# Bigram Language Model

In this lab we will implement a bigram language model and use it to compute the probability of some sample sentences. 

### Outcomes
* Know how to count word frequencies in a corpus using Python libraries.
* Understand how to compute conditional probabilities.
* Be able to apply the chain rule to compute the probability of a sentence.

### Overview

The first part of the notebook loads the same dataset as last week. 
The next part splits the data into training and test sets, and tokenises the utterances.
After this there are some tasks to complete to implement and test the language model. 

# 1. Preparing the Data 

In [1]:
from datasets import load_dataset

split = "train"
cache_dir = "./data_cache"

dataset = load_dataset(
    "doc2dial",
    name="dialogue_domain",  # this is the name of the dataset for the second subtask, dialog generation
    split=split,
    ignore_verifications=True,
    cache_dir=cache_dir,
)

Reusing dataset doc2dial (./data_cache/doc2dial/dialogue_domain/1.0.1/c15afdf53780a8d6ebea7aec05384432195b356f879aa53a4ee39b740d520642)


In [2]:
# Collect all the utterances into a list. 
# For this task, we don't care about the order of the utterances in the conversation -- 
# we will just be using the utterances of examples of the language we want to model.

utterances = []
for sample in dataset:
    turns = sample['turns']
    for turn in turns:
        if turn['role'] == 'user':
            utterances.append(turn['utterance'])
            
###
print(f'Number of utterances: {len(utterances)}')

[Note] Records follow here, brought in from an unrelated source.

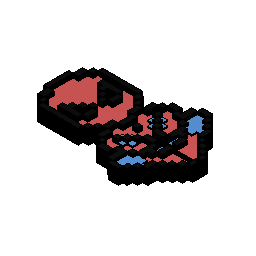
Spider-man v1 (Autodesk Fusion 360 design; units mm, degrees)
Autodesk Fusion 360 part; units mm, degrees
note: some values were not read from the file. Chosen so that the rebuilt part matches the saved one: which bodies a step acts on; which face or edge a step refers to. Set by a fixed rule: which sketch regions a step uses.
sketch "spider-man" plane through (0, 0, 0) normal (0, 0, 1) x (1, 0, 0)
  line L0 (48.5, 2.7143) -> (48.5, 6)
  line L1 (48.5, 6) -> (45.5, 6)
  line L2 (45.5, 6) -> (45.5, 9.5)
  line L3 (45.5, 9.5) -> (42, 9.5)
  line L4 (42, 9.5) -> (42, 13)
  line L5 (42, 13) -> (38.5, 13)
  line L6 (38.5, 13) -> (38.2383, 13)
  line L7 (38.2383, 13) -> (38.2383, 16)
  line L8 (38.2383, 16) -> (35, 16)
  line L9 (35, 16) -> (35, 23)
  line L10 (35, 23) -> (32, 23)
  line L11 (32, 23) -> (32, 26.5)
  line L12 (32, 26.5) -> (28.5, 26.5)
  line L13 (28.5, 26.5) -> (28.5, 30)
  line L14 (28.5, 30) -> (25, 30)
  line L15 (25, 30) -> (25, 33.5)
  line L16 (25, 33.5) -> (18, 33.5)
  line L17 (18, 33.5) -> (18, 30)
  line L18 (18, 30) -> (14, 30)
  line L19 (14, 30) -> (14, 23)
  line L20 (14, 23) -> (11, 23)
  line L21 (11, 23) -> (11, 26.5)
  line L22 (11, 26.5) -> (4.5, 26.5)
  line L23 (4.5, 26.5) -> (4.5, 23)
  line L24 (4.5, 23) -> (1, 23)
  line L25 (1, 23) -> (1, 20)
  line L26 (1, 20) -> (-2.5282, 20)
  line L27 (-2.5282, 20) -> (-2.5282, 13)
  line L28 (-2.5282, 13) -> (-6, 13)
  line L29 (-6, 13) -> (-6, 16.5)
  line L30 (-6, 16.5) -> (-9, 16.5)
  line L31 (-9, 16.5) -> (-9, 20)
  line L32 (-9, 20) -> (-12.5598, 20)
  line L33 (-12.5598, 20) -> (-12.5598, 23)
  line L34 (-12.5598, 23) -> (-40, 23)
  line L35 (-40, 23) -> (-40, 20)
  line L36 (-40, 20) -> (-43.2664, 20)
  line L37 (-43.2664, 20) -> (-43.2664, 16.4387)
  line L38 (-43.2664, 16.4387) -> (-47, 16.4387)
  line L39 (-47, 16.4387) -> (-47, 10)
  line L40 (-47, 10) -> (-50, 10)
  line L41 (-50, 10) -> (-50, -7.0582)
  line L42 (-50, -7.0582) -> (-47, -7.0582)
  line L43 (-47, -7.0582) -> (-47, -14)
  line L44 (-47, -14) -> (-43, -14)
  line L45 (-43, -14) -> (-43, -17.6072)
  line L46 (-43, -17.6072) -> (-40, -17.6072)
  line L47 (-40, -17.6072) -> (-40, -21)
  line L48 (-40, -21) -> (-12.5882, -21)
  line L49 (-12.5882, -21) -> (-12.5882, -17.6072)
  line L50 (-12.5882, -17.6072) -> (-9, -17.6072)
  line L51 (-9, -17.6072) -> (-9, -14.3237)
  line L52 (-9, -14.3237) -> (-6, -14.3237)
  line L53 (-6, -14.3237) -> (-6, -11)
  line L54 (-6, -11) -> (-2.4982, -11)
  line L55 (-2.4982, -11) -> (-2.4982, -18)
  line L56 (-2.4982, -18) -> (1, -18)
  line L57 (1, -18) -> (1, -21)
  line L58 (1, -21) -> (4, -21)
  line L59 (4, -21) -> (4, -25)
  line L60 (4, -25) -> (11.3411, -25)
  line L61 (11.3411, -25) -> (11.3411, -21)
  line L62 (11.3411, -21) -> (14.4254, -21)
  line L63 (14.4254, -21) -> (14.4254, -28)
  line L64 (14.4254, -28) -> (18, -28)
  line L65 (18, -28) -> (18, -31)
  line L66 (18, -31) -> (25, -31)
  line L67 (25, -31) -> (25, -28)
  line L68 (25, -28) -> (28, -28)
  line L69 (28, -28) -> (28, -24)
  line L70 (32, -21) -> (35, -21)
  line L71 (35, -21) -> (35, -14.4641)
  line L72 (35, -14.4641) -> (38.5374, -14.4641)
  line L73 (38.5374, -14.4641) -> (38.5374, -11)
  line L74 (38.5374, -11) -> (42, -11)
  line L75 (42, -11) -> (42, -8)
  line L76 (42, -8) -> (45.5, -8)
  line L77 (45.5, -8) -> (45.5, -4)
  line L78 (48.5, -4) -> (45.5, -4)
  line L79 (48.5, -4) -> (48.5, -0.2857)
  line L80 (48.5, -0.2857) -> (45.5, -0.2857)
  line L81 (45.5, -0.2857) -> (45.5, -4)
  line L82 (45.5, -4) -> (42, -4)
  line L83 (42, -4) -> (42, -8)
  line L84 (38.5439, -8) -> (38.5374, -11)
  line L85 (38.5439, -8) -> (42, -8)
  line L86 (38.5374, -11) -> (35, -11)
  line L87 (35, -11) -> (35, -14.4641)
  line L88 (35, -14.4641) -> (31.5, -14.4641)
  line L89 (31.5, -14.4641) -> (31.5, -21)
  line L90 (31.5, -21) -> (32, -21)
  line L91 (28, -21) -> (28, -24)
  line L92 (31.5, -21) -> (31.5, -24.4721)
  line L93 (31.5, -24.4721) -> (28, -24.4721)
  line L94 (31.5, -21) -> (28, -21)
  line L95 (28, -24.4721) -> (25, -24.4721)
  line L96 (25, -24.4721) -> (25, -28)
  line L97 (25, -28) -> (18, -28)
  line L98 (18, -28) -> (18, -17.6609)
  line L99 (18, -17.6609) -> (21.5, -17.6609)
  line L100 (21.5, -17.6609) -> (21.5, -14.3625)
  line L101 (21.5, -14.3625) -> (25, -14.3625)
  line L102 (25, -14.3625) -> (25, -11)
  line L103 (25, -11) -> (28, -11)
  line L104 (28, -11) -> (28, -7.5019)
  line L105 (28, -7.5019) -> (31.5671, -7.5019)
  line L106 (31.5671, -7.5019) -> (31.5671, -0.2857)
  line L107 (31.5671, -0.2857) -> (28, -0.2857)
  line L108 (28, -0.2857) -> (28, -7.5019)
  line L109 (24.7745, -7.5019) -> (24.7745, -4.1046)
  line L110 (24.7745, -4.1046) -> (21.5, -4.1046)
  line L111 (21.5, -4.1046) -> (21.5, -14.3625)
  line L112 (24.7745, -7.5019) -> (28, -7.5019)
  line L113 (21.5, -4.1046) -> (21.5, -0.6195)
  line L114 (21.5, -0.6195) -> (14.6072, -0.6195)
  line L115 (14.6072, -0.6195) -> (14.6072, -4.1046)
  line L116 (14.6072, -4.1046) -> (21.5, -4.1046)
  line L117 (14.6072, -4.1046) -> (14.6072, -7.4154)
  line L118 (14.6072, -7.4154) -> (11, -7.4154)
  line L119 (11, -7.4154) -> (11, -4.1046)
  line L120 (11, -4.1046) -> (14.6072, -4.1046)
  line L121 (11, -7.4154) -> (11, -11)
  line L122 (11, -11) -> (7.5347, -11)
  line L123 (7.5347, -11) -> (7.5347, -7.4154)
  line L124 (7.5347, -7.4154) -> (11, -7.4154)
  line L125 (7.5347, -11) -> (7.5347, -14)
  line L126 (7.5347, -14) -> (4, -14)
  line L127 (4, -14) -> (4, -11)
  line L128 (4, -11) -> (7.5347, -11)
  line L129 (21.5, -14.3625) -> (18, -14.3625)
  line L130 (18, -14.3625) -> (18, -17.6609)
  line L131 (18, -17.6609) -> (11.3411, -17.6609)
  line L132 (11.3411, -17.6609) -> (11.3411, -21)
  line L133 (11.3411, -21) -> (4, -21)
  line L134 (4, -21) -> (4, -18)
  line L135 (4, -18) -> (1, -18)
  line L136 (1, -18) -> (1, -11)
  line L137 (1, -11) -> (-2.4982, -11)
  line L138 (-2.4982, -11) -> (-2.4982, -4)
  line L139 (-2.4982, -4) -> (1, -4)
  line L140 (1, -4) -> (1, 6)
  line L141 (1, 6) -> (-2.4982, 6)
  line L142 (-2.4982, 6) -> (-2.4982, -4)
  line L143 (-6, -4) -> (-6, -11)
  line L144 (-9, -11) -> (-9, -14.3237)
  line L145 (-9, -14.3237) -> (-12.5882, -14.3237)
  line L146 (-12.5882, -14.3237) -> (-12.5882, -17.6072)
  line L147 (-6, -4) -> (-2.4982, -4)
  line L148 (-9, -11) -> (-6, -11)
  line L149 (7.6928, 2.5546) -> (7.6928, -0.6195)
  line L150 (7.6928, -0.6195) -> (4.3343, -0.6195)
  line L151 (4.3343, -0.6195) -> (4.3343, 2.5546)
  line L152 (4.3343, 2.5546) -> (7.6928, 2.5546)
  line L153 (-12.5882, -17.6072) -> (-40, -17.6072)
  line L154 (-40, -17.6072) -> (-40, -14)
  line L155 (-40, -14) -> (-43, -14)
  line L156 (-43, -14) -> (-43, -7)
  line L157 (-43, -7) -> (-47, -7.0582)
  line L158 (-47, -7.0582) -> (-47, 10)
  line L159 (-47, 10) -> (-43.316, 10)
  line L160 (-43.316, 10) -> (-43.2664, 16.4387)
  line L161 (-43.2664, 16.4387) -> (-40, 16.4387)
  line L162 (-40, 16.4387) -> (-40, 20)
  line L163 (-40, 20) -> (-12.5598, 20)
  line L164 (-12.5598, 20) -> (-12.5598, 16.5)
  line L165 (-12.5598, 16.5) -> (-8.5, 16.5)
  line L166 (-9, 16.5) -> (-9, 13)
  line L167 (-9, 13) -> (-6, 13)
  line L168 (-6, 13) -> (-6, 6)
  line L169 (-6, 6) -> (-2.4982, 6)
  line L170 (-2.4982, 6) -> (-2.5282, 13)
  line L171 (-2.5282, 13) -> (1, 13)
  line L172 (1, 13) -> (1, 20)
  line L173 (1, 20) -> (4.5, 20)
  line L174 (4.5, 20) -> (4.5, 23)
  line L175 (11, 23) -> (11, 20)
  line L176 (11, 20) -> (18, 20)
  line L177 (18, 20) -> (18, 30)
  line L178 (18, 30) -> (25, 30)
  line L179 (25, 30) -> (25, 26.5)
  line L180 (25, 26.5) -> (28.5, 26.5)
  line L181 (28.5, 23) -> (32, 23)
  line L182 (28.5, 23) -> (28.5, 26.5)
  line L183 (32, 23) -> (32, 16)
  line L184 (32, 16) -> (35, 16)
  line L185 (35, 16) -> (35, 13)
  line L186 (35, 13) -> (38.2383, 13)
  line L187 (38.2383, 13) -> (38.2383, 9.5)
  line L188 (38.2383, 9.5) -> (42, 9.5)
  line L189 (42, 9.5) -> (42, 6)
  line L190 (42, 6) -> (45.5, 6)
  line L191 (45.5, 6) -> (45.5, 2.7143)
  line L192 (45.5, 2.7143) -> (48.5, 2.7143)
  line L193 (31.5, 2.7143) -> (31.5, 9.5)
  line L194 (31.5, 9.5) -> (28, 9.5)
  line L195 (28, 9.5) -> (28, 2.7143)
  line L196 (28, 2.7143) -> (31.5, 2.7143)
  line L197 (45.5, 2.7143) -> (31.5, 2.7143)
  line L198 (28, 9.5) -> (25, 9.5)
  line L199 (25, 9.5) -> (25, 2.7741)
  line L200 (25, 2.7741) -> (28, 2.7143)
  line L201 (28, 9.5) -> (28, 13)
  line L202 (28, 13) -> (25, 13)
  line L203 (25, 13) -> (25, 16.2031)
  line L204 (25, 16.2031) -> (21.5, 16.2031)
  line L205 (21.5, 16.2031) -> (21.5, 6.1371)
  line L206 (21.5, 6.1371) -> (25, 6.1371)
  line L207 (21.5, 6.1371) -> (21.5, 2.7741)
  line L208 (21.5, 2.7741) -> (14.5, 2.7741)
  line L209 (14.5, 2.7741) -> (14.5, 6.1371)
  line L210 (14.5, 6.1371) -> (21.5, 6.1371)
  line L211 (14.5, 6.1371) -> (14.5, 9.5)
  line L212 (14.5, 9.5) -> (11, 9.5)
  line L213 (11, 9.5) -> (11, 6.1371)
  line L214 (11, 6.1371) -> (14.5, 6.1371)
  line L215 (14.5, 9.5) -> (14.5, 13)
  line L216 (14.5, 13) -> (11, 13)
  line L217 (11, 13) -> (11, 9.5)
  line L218 (11, 13) -> (11, 16.5)
  line L219 (11, 16.5) -> (7.7586, 16.5)
  line L220 (7.7586, 16.5) -> (7.7586, 13)
  line L221 (7.7586, 13) -> (11, 13)
  line L222 (25, 16.2031) -> (28, 16.2031)
  line L223 (28, 16.2031) -> (28, 19.5)
  line L224 (28, 19.5) -> (32, 19.5)
  line L225 (21.5, 16.2031) -> (21.5, 20)
  line L226 (21.5, 20) -> (18, 20)
  line L227 (18, 20) -> (18, 16.2031)
  line L228 (18, 16.2031) -> (21.5, 16.2031)
  line L229 (7.7586, 16.5) -> (4.5, 16.5)
  line L230 (4.5, 16.5) -> (4.5, 13)
  line L231 (4.5, 13) -> (7.7586, 13)
  line L232 (7.7586, 13) -> (7.7586, 9.5)
  line L233 (7.7586, 9.5) -> (11, 9.5)
  line L234 (7.7586, 9.5) -> (4.5, 9.5)
  line L235 (4.5, 9.5) -> (4.5, 13)
  line L236 (11, 6.1371) -> (7.7586, 6.1371)
  line L237 (7.7586, 6.1371) -> (7.7586, 9.5)
  line L238 (45.5, -0.2857) -> (31.5671, -0.2857)
  line L239 (28, -0.2857) -> (24.7745, -0.2857)
  line L240 (24.7745, -0.2857) -> (24.7745, -4.1046)
  line L241 (25, -14.3625) -> (28, -14.3625)
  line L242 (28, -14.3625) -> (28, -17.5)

Number of utterances: 22151


In [3]:
# Tokenise the samples. You can replace NLTK with another tokenizer if you prefer. 
import nltk

for i in range(len(utterances)):
    utterances[i] = nltk.word_tokenize(utterances[i])
    
print(utterances[2])

['Thanks', ',', 'and', 'in', 'case', 'I', 'forget', 'to', 'bring', 'all', 'of', 'the', 'documentation', 'needed', 'to', 'the', 'DMV', 'office', ',', 'what', 'can', 'I', 'do', '?']


In [None]:
# We need to put in some artificial start <s> and end <e> tokens. 
# These will be used to model which words are most likely to start or end a sentence. 

for i in range(len(utterances)):
    utterances[i] = ['<s>'] + utterances[i] + ['<e>']

In [None]:
# Split the data into training and test using scikit-learn.
from sklearn.model_selection import train_test_split

train_size = 0.8
test_size = 0.2

# Split the train data from the test data
train_data, test_data = train_test_split(utterances, train_size=train_size, test_size=test_size)


print(f'The training set has {len(train_data)} samples and the test set has {len(test_data)} samples.')

# 2. Counting Tokens

The n-gram language model needs to compute two sets of counts from the training data:
1. The counts of how many times each bigram occurs.
2. The counts of how many times each first token (condition in the conditional probability) occurs. 

Let's start by finding the vocabulary of unique token 'types': 

In [None]:
import numpy as np

vocab = np.unique(np.concatenate(train_data))
V = len(vocab)

print(vocab)
print(f'There are {V} types in our vocabulary.')

Now we create an object to store the bigram counts in:

In [None]:
# A matrix where row indexes will correspond to the first token in a bigram, 
# and column indexes to the second token. The indexes must map to the index
# of the token in the vocabulary. The values in the matrix will be the counts.
counts = np.zeros((V, V))

In [None]:
# Here is an example of how to find the index of a given word:

word = '<s>'  # example word
index = np.argwhere(vocab == word)[0][0]
print(index)

TODO 1: count the bigrams that occur in the training set.

TODO 2: use numpy's sum() function to compute the first token counts.

TODO 3: compute a matrix (numpy array) of conditional probabilities using the counts.

TODO 4: write a function that computes the probability of a given tokenised sentence, such as the example below.

In [None]:
# example tokenised sentence
sen = ['<s>', 'If', 'you', 'give', 'me', 'the', 'help', ',', 'what', 'is', 'the', 'payment', 'system', '?', '<e>']

TODO 5: compute the perplexity over the whole test set.

EXTENSION 1: use the language model to generate new sentences by sampling. 
You can follow the example below to sample using scipy's multinomial class.

In [None]:
from scipy.stats import multinomial

example_vocab = np.array(['a', 'b', 'c', 'd'])

sample = multinomial.rvs(1, [0.3, 0.2, 0.1, 0.4])
sample_bool = sample.astype(bool)  # convert the sample from integer to boolean
generated_word = example_vocab[sample_bool]  # use the one-hot boolean vector to look up the word

print(generated_word)

MORE EXTENSIONS: 
* Add some smoothing to the counts and see how it affects the results.
* Use trigrams instead of bigrams. Does it improve perplexity?